What are some of the ways you combat stress from big changes in your life?

Early to Bed, Early to Rise: How I Fall Asleep Before Midnight

Unfortunately, the internet is right about sleep.

If you Google healthy sleeping habits you will find that screens, late night snacks, lack of exercise and stress all contribute to the neverending sleep struggles. The sleep struggle is a vicious cycle of being too sluggish to get good habits forming during the day and then not tired enough to get enough shuteye during the night. The body is a fickle monster when an average person is having sleep struggles.

Many people attribute their sleep struggles to mental health issues (me), external stress (me) and their sleep location (me, I hate those fucking birds on my roof). Not getting adequate sleep can take a slightly stressful situation from manageable to crying in a bathroom. Here are my tips for becoming a morning person…or just sucking a little less at mornings.

 

  1. No snooze button… I know, I know, it’s the most tempting button in the world but it is HORRIBLE for you. The snooze button let’s your poor sleepy body, who stayed up way too late last night eating Hot Cheetos while googling meal prep ideas for your #healthy life, think that it can get another REM cycle when in reality it just gets a little relaxed and then BOOM GET UP GET UP WE ARE UNDER ATTACK…oh..that’s just the alarm again. Stopping the snooze is hard but not impossible and the best way to stop the snooze is to get enough sleep…vicious cycle.
  2. To help you stop the snooze the best thing you can do for your body is put it on a bedtime routine. I have established a bedtime routine that consists of drinking hot tea or a Calm packet (magnesium is wonderful as a sleep aid), climbing into bed and turning off screens by 9:30, trying to fit in a meditation with my Calm App and reading until I am sleepy. As a bookworm this can be dangerous so I often set a 30 minute time to make sure I’m checking in with myself by 10pm to see if I’m sleepy. I also like to turn on my sea salt lamp and diffuser with a relaxing scent like eucalyptus or lavender. Making bedtime a cozy time that I look forward to is most of the fun.The toughest part of this comes in the morning…even if I’m awake until 3am panicking about work or listening to the drunk neighbors yell at eachother I always get up around the same time. I never let myself sleep one hour past my normal wake-up time of weekdays or two hours past on weekend. Not oversleeping has helped shake that sluggish feeling that prevented me from waking up for my morning workouts.
  3. I wake up a lot throughout the night due to noises and changes in light. That’s why I highly recommend buying a sleep mask and some cheap earplugs to keep around.
  4. Habits throughout the day. I have two strict rules, no caffeine after lunch and no staying stagnant all day. Even if it is just a walk I have to get some form of exercise in to wear myself out. If I stay caged inside all day and don’t at least do a yoga or PIT28 video I struggle to go to sleep at night. An object in motion does not always stay in motion; sometime’s she stops moving and sleeps like a baby instead.
  5. Don’t put pressure on yourself to get it right the first time or everytime. Some nights my routine and lifestyle changes work perfectly, sometimes I stay up until midnight pondering the meaning of life (literally, what the fuck are we doing here). The important thing is to not stress over the inability to fall asleep…the stress will just keep you up even later. I love using my Calm App when I can’t sleep. I turn on a 35 minute deep sleep meditation and let the app take me the sleepy town.
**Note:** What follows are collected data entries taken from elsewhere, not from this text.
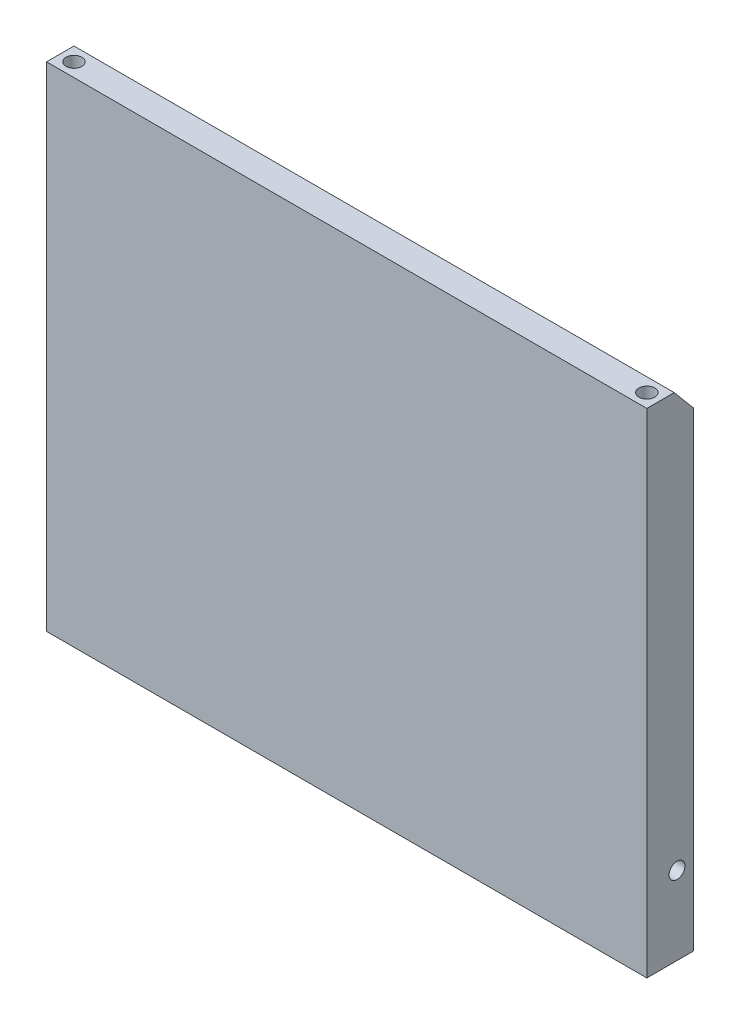
ISO-10303-21;
HEADER;
FILE_DESCRIPTION(('STEP AP214'),'2;1');
FILE_NAME('part.step','',(''),(''),'','','');
FILE_SCHEMA(('AUTOMOTIVE_DESIGN { 1 0 10303 214 1 1 1 1 }'));
ENDSEC;
DATA;
#1=APPLICATION_CONTEXT('core data for automotive mechanical design processes');
#2=APPLICATION_PROTOCOL_DEFINITION('international standard','automotive_design',2000,#1);
#3=PRODUCT_CONTEXT('',#1,'mechanical');
#4=PRODUCT('Part','Part','',(#3));
#5=PRODUCT_RELATED_PRODUCT_CATEGORY('part','',(#4));
#6=PRODUCT_DEFINITION_FORMATION('','',#4);
#7=PRODUCT_DEFINITION_CONTEXT('part definition',#1,'design');
#8=PRODUCT_DEFINITION('design','',#6,#7);
#9=PRODUCT_DEFINITION_SHAPE('','',#8);
#10=(LENGTH_UNIT() NAMED_UNIT(*) SI_UNIT(.MILLI.,.METRE.));
#11=(NAMED_UNIT(*) PLANE_ANGLE_UNIT() SI_UNIT($,.RADIAN.));
#12=(NAMED_UNIT(*) SI_UNIT($,.STERADIAN.) SOLID_ANGLE_UNIT());
#13=UNCERTAINTY_MEASURE_WITH_UNIT(LENGTH_MEASURE(1.E-05),#10,'distance_accuracy_value','');
#14=(GEOMETRIC_REPRESENTATION_CONTEXT(3) GLOBAL_UNCERTAINTY_ASSIGNED_CONTEXT((#13)) GLOBAL_UNIT_ASSIGNED_CONTEXT((#10,
#11,#12)) REPRESENTATION_CONTEXT('',''));
#15=CARTESIAN_POINT('',(0.,0.,0.));
#16=DIRECTION('',(0.,0.,1.));
#17=DIRECTION('',(1.,0.,0.));
#18=AXIS2_PLACEMENT_3D('',#15,#16,#17);
#19=CARTESIAN_POINT('',(-5.30656779661017,-80.8019491525424,5.));
#20=DIRECTION('',(1.,0.,0.));
#21=DIRECTION('',(0.,0.,-1.));
#22=AXIS2_PLACEMENT_3D('',#19,#20,#21);
#23=PLANE('',#22);
#24=CARTESIAN_POINT('',(-5.30656779661018,-66.5519491525424,-0.500000000000002));
#25=DIRECTION('',(1.,0.,0.));
#26=DIRECTION('',(0.,0.,-1.));
#27=AXIS2_PLACEMENT_3D('',#24,#25,#26);
#28=CIRCLE('',#27,1.44999999999999);
#29=CARTESIAN_POINT('',(-5.30656779661018,-66.5519491525424,-1.94999999999999));
#30=VERTEX_POINT('',#29);
#31=EDGE_CURVE('E250',#30,#30,#28,.T.);
#32=ORIENTED_EDGE('',*,*,#31,.T.);
#33=EDGE_LOOP('',(#32));
#34=FACE_BOUND('',#33,.T.);
#35=DIRECTION('',(0.,0.,-1.));
#36=VECTOR('',#35,1.);
#37=CARTESIAN_POINT('',(-5.30656779661017,9.19805084745762,5.));
#38=LINE('',#37,#36);
#39=CARTESIAN_POINT('',(-5.30656779661017,9.19805084745762,5.));
#40=VERTEX_POINT('',#39);
#41=CARTESIAN_POINT('',(-5.30656779661017,9.19805084745762,0.));
#42=VERTEX_POINT('',#41);
#43=EDGE_CURVE('E184',#40,#42,#38,.T.);
#44=ORIENTED_EDGE('',*,*,#43,.T.);
#45=DIRECTION('',(0.,-0.766044443118976,-0.642787609686541));
#46=VECTOR('',#45,1.);
#47=CARTESIAN_POINT('',(-5.30656779661017,5.02691327337788,-3.5));
#48=LINE('',#47,#46);
#49=CARTESIAN_POINT('',(-5.30656779661017,5.02691327337784,-3.5));
#50=VERTEX_POINT('',#49);
#51=EDGE_CURVE('E11',#42,#50,#48,.T.);
#52=ORIENTED_EDGE('',*,*,#51,.T.);
#53=DIRECTION('',(0.,1.,0.));
#54=VECTOR('',#53,1.);
#55=CARTESIAN_POINT('',(-5.30656779661017,-80.8019491525424,-3.5));
#56=LINE('',#55,#54);
#57=CARTESIAN_POINT('',(-5.30656779661017,-80.8019491525424,-3.5));
#58=VERTEX_POINT('',#57);
#59=EDGE_CURVE('E160',#58,#50,#56,.T.);
#60=ORIENTED_EDGE('',*,*,#59,.F.);
#61=DIRECTION('',(0.,0.,-1.));
#62=VECTOR('',#61,1.);
#63=CARTESIAN_POINT('',(-5.30656779661017,-80.8019491525424,5.));
#64=LINE('',#63,#62);
#65=CARTESIAN_POINT('',(-5.30656779661017,-80.8019491525424,5.));
#66=VERTEX_POINT('',#65);
#67=EDGE_CURVE('E191',#66,#58,#64,.T.);
#68=ORIENTED_EDGE('',*,*,#67,.F.);
#69=DIRECTION('',(0.,-1.,0.));
#70=VECTOR('',#69,1.);
#71=CARTESIAN_POINT('',(-5.30656779661017,-80.8019491525424,5.));
#72=LINE('',#71,#70);
#73=EDGE_CURVE('E167',#40,#66,#72,.T.);
#74=ORIENTED_EDGE('',*,*,#73,.F.);
#75=EDGE_LOOP('',(#44,#52,#60,#68,#74));
#76=FACE_BOUND('',#75,.T.);
#77=ADVANCED_FACE('F41',(#34,#76),#23,.F.);
#78=CARTESIAN_POINT('',(-5.30656779661017,-80.8019491525424,5.));
#79=DIRECTION('',(0.,1.,0.));
#80=DIRECTION('',(0.,0.,1.));
#81=AXIS2_PLACEMENT_3D('',#78,#79,#80);
#82=PLANE('',#81);
#83=ORIENTED_EDGE('',*,*,#67,.T.);
#84=DIRECTION('',(-1.,0.,0.));
#85=VECTOR('',#84,1.);
#86=CARTESIAN_POINT('',(104.21343220339,-80.8019491525424,-3.5));
#87=LINE('',#86,#85);
#88=CARTESIAN_POINT('',(104.21343220339,-80.8019491525424,-3.5));
#89=VERTEX_POINT('',#88);
#90=EDGE_CURVE('E157',#89,#58,#87,.T.);
#91=ORIENTED_EDGE('',*,*,#90,.F.);
#92=DIRECTION('',(0.,0.,-1.));
#93=VECTOR('',#92,1.);
#94=CARTESIAN_POINT('',(104.21343220339,-80.8019491525424,5.));
#95=LINE('',#94,#93);
#96=CARTESIAN_POINT('',(104.21343220339,-80.8019491525424,5.));
#97=VERTEX_POINT('',#96);
#98=EDGE_CURVE('E188',#97,#89,#95,.T.);
#99=ORIENTED_EDGE('',*,*,#98,.F.);
#100=DIRECTION('',(1.,0.,0.));
#101=VECTOR('',#100,1.);
#102=CARTESIAN_POINT('',(-5.30656779661017,-80.8019491525424,5.));
#103=LINE('',#102,#101);
#104=EDGE_CURVE('E178',#66,#97,#103,.T.);
#105=ORIENTED_EDGE('',*,*,#104,.F.);
#106=EDGE_LOOP('',(#83,#91,#99,#105));
#107=FACE_BOUND('',#106,.T.);
#108=ADVANCED_FACE('F216',(#107),#82,.F.);
#109=CARTESIAN_POINT('',(104.21343220339,-80.8019491525424,5.));
#110=DIRECTION('',(-1.,0.,0.));
#111=DIRECTION('',(0.,0.,1.));
#112=AXIS2_PLACEMENT_3D('',#109,#110,#111);
#113=PLANE('',#112);
#114=CARTESIAN_POINT('',(104.21343220339,-66.5519491525424,-0.500000000000002));
#115=DIRECTION('',(1.,0.,0.));
#116=DIRECTION('',(0.,0.,-1.));
#117=AXIS2_PLACEMENT_3D('',#114,#115,#116);
#118=CIRCLE('',#117,1.44999999999999);
#119=CARTESIAN_POINT('',(104.21343220339,-66.5519491525424,-1.94999999999999));
#120=VERTEX_POINT('',#119);
#121=EDGE_CURVE('E139',#120,#120,#118,.T.);
#122=ORIENTED_EDGE('',*,*,#121,.F.);
#123=EDGE_LOOP('',(#122));
#124=FACE_BOUND('',#123,.T.);
#125=DIRECTION('',(0.,-1.,0.));
#126=VECTOR('',#125,1.);
#127=CARTESIAN_POINT('',(104.21343220339,9.19805084745762,-3.5));
#128=LINE('',#127,#126);
#129=CARTESIAN_POINT('',(104.21343220339,5.02691327337788,-3.5));
#130=VERTEX_POINT('',#129);
#131=EDGE_CURVE('E152',#130,#89,#128,.T.);
#132=ORIENTED_EDGE('',*,*,#131,.F.);
#133=DIRECTION('',(0.,0.766044443118976,0.642787609686541));
#134=VECTOR('',#133,1.);
#135=CARTESIAN_POINT('',(104.21343220339,5.02691327337788,-3.5));
#136=LINE('',#135,#134);
#137=CARTESIAN_POINT('',(104.21343220339,9.19805084745762,0.));
#138=VERTEX_POINT('',#137);
#139=EDGE_CURVE('E196',#130,#138,#136,.T.);
#140=ORIENTED_EDGE('',*,*,#139,.T.);
#141=DIRECTION('',(0.,0.,-1.));
#142=VECTOR('',#141,1.);
#143=CARTESIAN_POINT('',(104.21343220339,9.19805084745762,5.));
#144=LINE('',#143,#142);
#145=CARTESIAN_POINT('',(104.21343220339,9.19805084745762,5.));
#146=VERTEX_POINT('',#145);
#147=EDGE_CURVE('E186',#146,#138,#144,.T.);
#148=ORIENTED_EDGE('',*,*,#147,.F.);
#149=DIRECTION('',(0.,1.,0.));
#150=VECTOR('',#149,1.);
#151=CARTESIAN_POINT('',(104.21343220339,-80.8019491525424,5.));
#152=LINE('',#151,#150);
#153=EDGE_CURVE('E180',#97,#146,#152,.T.);
#154=ORIENTED_EDGE('',*,*,#153,.F.);
#155=ORIENTED_EDGE('',*,*,#98,.T.);
#156=EDGE_LOOP('',(#132,#140,#148,#154,#155));
#157=FACE_BOUND('',#156,.T.);
#158=ADVANCED_FACE('F200',(#124,#157),#113,.F.);
#159=CARTESIAN_POINT('',(-5.30656779661017,9.19805084745762,5.));
#160=DIRECTION('',(0.,-1.,0.));
#161=DIRECTION('',(0.,0.,-1.));
#162=AXIS2_PLACEMENT_3D('',#159,#160,#161);
#163=PLANE('',#162);
#164=CARTESIAN_POINT('',(101.71343220339,9.19805084745762,2.5));
#165=DIRECTION('',(0.,1.,0.));
#166=DIRECTION('',(0.,0.,1.));
#167=AXIS2_PLACEMENT_3D('',#164,#165,#166);
#168=CIRCLE('',#167,1.45);
#169=CARTESIAN_POINT('',(101.71343220339,9.19805084745762,3.95));
#170=VERTEX_POINT('',#169);
#171=EDGE_CURVE('E168',#170,#170,#168,.T.);
#172=ORIENTED_EDGE('',*,*,#171,.F.);
#173=EDGE_LOOP('',(#172));
#174=FACE_BOUND('',#173,.T.);
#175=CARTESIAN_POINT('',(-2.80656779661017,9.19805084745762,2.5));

There are so many ways to create and maintain healthy sleep practices but the most important thing is determination, faith in your body and a little discipline. Having health sleeping habits is just one of the many ways I have learned to prioritize myself and practice self-love and gratitude. Sleep is my way of thanking my body for making it through the day.

What are some of your sleep struggles and how do you combat them?